» Prompt: Lines before the one containing "#35087 = ORIENTED_EDGE" are left out; output the rest of the data exactly, through the final line.

(Data records)
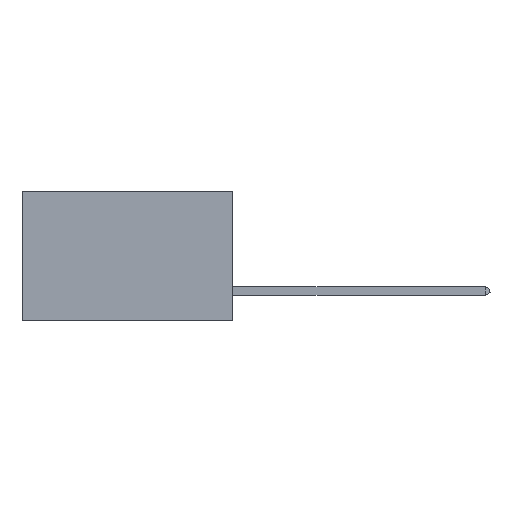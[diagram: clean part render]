
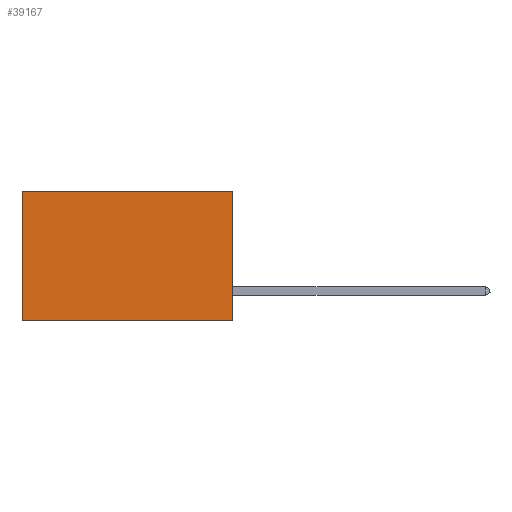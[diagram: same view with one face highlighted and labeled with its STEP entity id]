
A CAD part, left-side view. The second image highlights one B-rep face of the part: STEP entity #39167.
In plain terms, the highlighted planar face has unit normal (-1, 0, 0).
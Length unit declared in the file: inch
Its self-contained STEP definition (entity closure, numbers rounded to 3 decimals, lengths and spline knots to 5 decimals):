
#388 = ORIENTED_EDGE ( 'NONE', *, *, #18985, .F. ) ;
#2199 = ORIENTED_EDGE ( 'NONE', *, *, #31609, .F. ) ;
#4266 = CARTESIAN_POINT ( 'NONE',  ( 0.2875, 0., 0. ) ) ;
#4805 = VERTEX_POINT ( 'NONE', #4266 ) ;
#7248 = DIRECTION ( 'NONE',  ( 0., 1., 0. ) ) ;
#8909 = DIRECTION ( 'NONE',  ( 0., 0., -1. ) ) ;
#9484 = CARTESIAN_POINT ( 'NONE',  ( 0.2875, 0.6, 0. ) ) ;
#9546 = VECTOR ( 'NONE', #13032, 39.37008 ) ;
#12089 = VERTEX_POINT ( 'NONE', #38591 ) ;
#12347 = CARTESIAN_POINT ( 'NONE',  ( 0.2875, 0., 0. ) ) ;
#12372 = EDGE_CURVE ( 'NONE', #17224, #12089, #41924, .T. ) ;
#13032 = DIRECTION ( 'NONE',  ( 0., 1., 0. ) ) ;
#15639 = EDGE_LOOP ( 'NONE', ( #35830, #388, #2199, #35087 ) ) ;
#17224 = VERTEX_POINT ( 'NONE', #26811 ) ;
#18031 = LINE ( 'NONE', #32408, #41111 ) ;
#18985 = EDGE_CURVE ( 'NONE', #38232, #12089, #19106, .T. ) ;
#18994 = LINE ( 'NONE', #19685, #24759 ) ;
#19106 = LINE ( 'NONE', #34729, #9546 ) ;
#19685 = CARTESIAN_POINT ( 'NONE',  ( 0.2875, 0., 0. ) ) ;
#23267 = EDGE_CURVE ( 'NONE', #4805, #17224, #18031, .T. ) ;
#24759 = VECTOR ( 'NONE', #30429, 39.37008 ) ;
#25002 = VECTOR ( 'NONE', #42048, 39.37008 ) ;
#25693 = DIRECTION ( 'NONE',  ( 1., 0., 0. ) ) ;
#26811 = CARTESIAN_POINT ( 'NONE',  ( 0.2875, 0.6, 0. ) ) ;
#27300 = CARTESIAN_POINT ( 'NONE',  ( 0.2875, 0., -0.37 ) ) ;
#30429 = DIRECTION ( 'NONE',  ( 0., 0., -1. ) ) ;
#31609 = EDGE_CURVE ( 'NONE', #4805, #38232, #18994, .T. ) ;
#32408 = CARTESIAN_POINT ( 'NONE',  ( 0.2875, 0., 0. ) ) ;
#34729 = CARTESIAN_POINT ( 'NONE',  ( 0.2875, 0., -0.37 ) ) ;
#35087 = ORIENTED_EDGE ( 'NONE', *, *, #23267, .T. ) ;
#35124 = FACE_OUTER_BOUND ( 'NONE', #15639, .T. ) ;
#35830 = ORIENTED_EDGE ( 'NONE', *, *, #12372, .T. ) ;
#36720 = PLANE ( 'NONE',  #44173 ) ;
#38232 = VERTEX_POINT ( 'NONE', #27300 ) ;
#38591 = CARTESIAN_POINT ( 'NONE',  ( 0.2875, 0.6, -0.37 ) ) ;
#39167 = ADVANCED_FACE ( 'NONE', ( #35124 ), #36720, .F. ) ;
#41111 = VECTOR ( 'NONE', #7248, 39.37008 ) ;
#41924 = LINE ( 'NONE', #9484, #25002 ) ;
#42048 = DIRECTION ( 'NONE',  ( 0., 0., -1. ) ) ;
#44173 = AXIS2_PLACEMENT_3D ( 'NONE', #12347, #25693, #8909 ) ;

» Output:
#35087 = ORIENTED_EDGE ( 'NONE', *, *, #23267, .T. ) ;
#35124 = FACE_OUTER_BOUND ( 'NONE', #15639, .T. ) ;
#35830 = ORIENTED_EDGE ( 'NONE', *, *, #12372, .T. ) ;
#36720 = PLANE ( 'NONE',  #44173 ) ;
#38232 = VERTEX_POINT ( 'NONE', #27300 ) ;
#38591 = CARTESIAN_POINT ( 'NONE',  ( 0.2875, 0.6, -0.37 ) ) ;
#39167 = ADVANCED_FACE ( 'NONE', ( #35124 ), #36720, .F. ) ;
#41111 = VECTOR ( 'NONE', #7248, 39.37008 ) ;
#41924 = LINE ( 'NONE', #9484, #25002 ) ;
#42048 = DIRECTION ( 'NONE',  ( 0., 0., -1. ) ) ;
#44173 = AXIS2_PLACEMENT_3D ( 'NONE', #12347, #25693, #8909 ) ;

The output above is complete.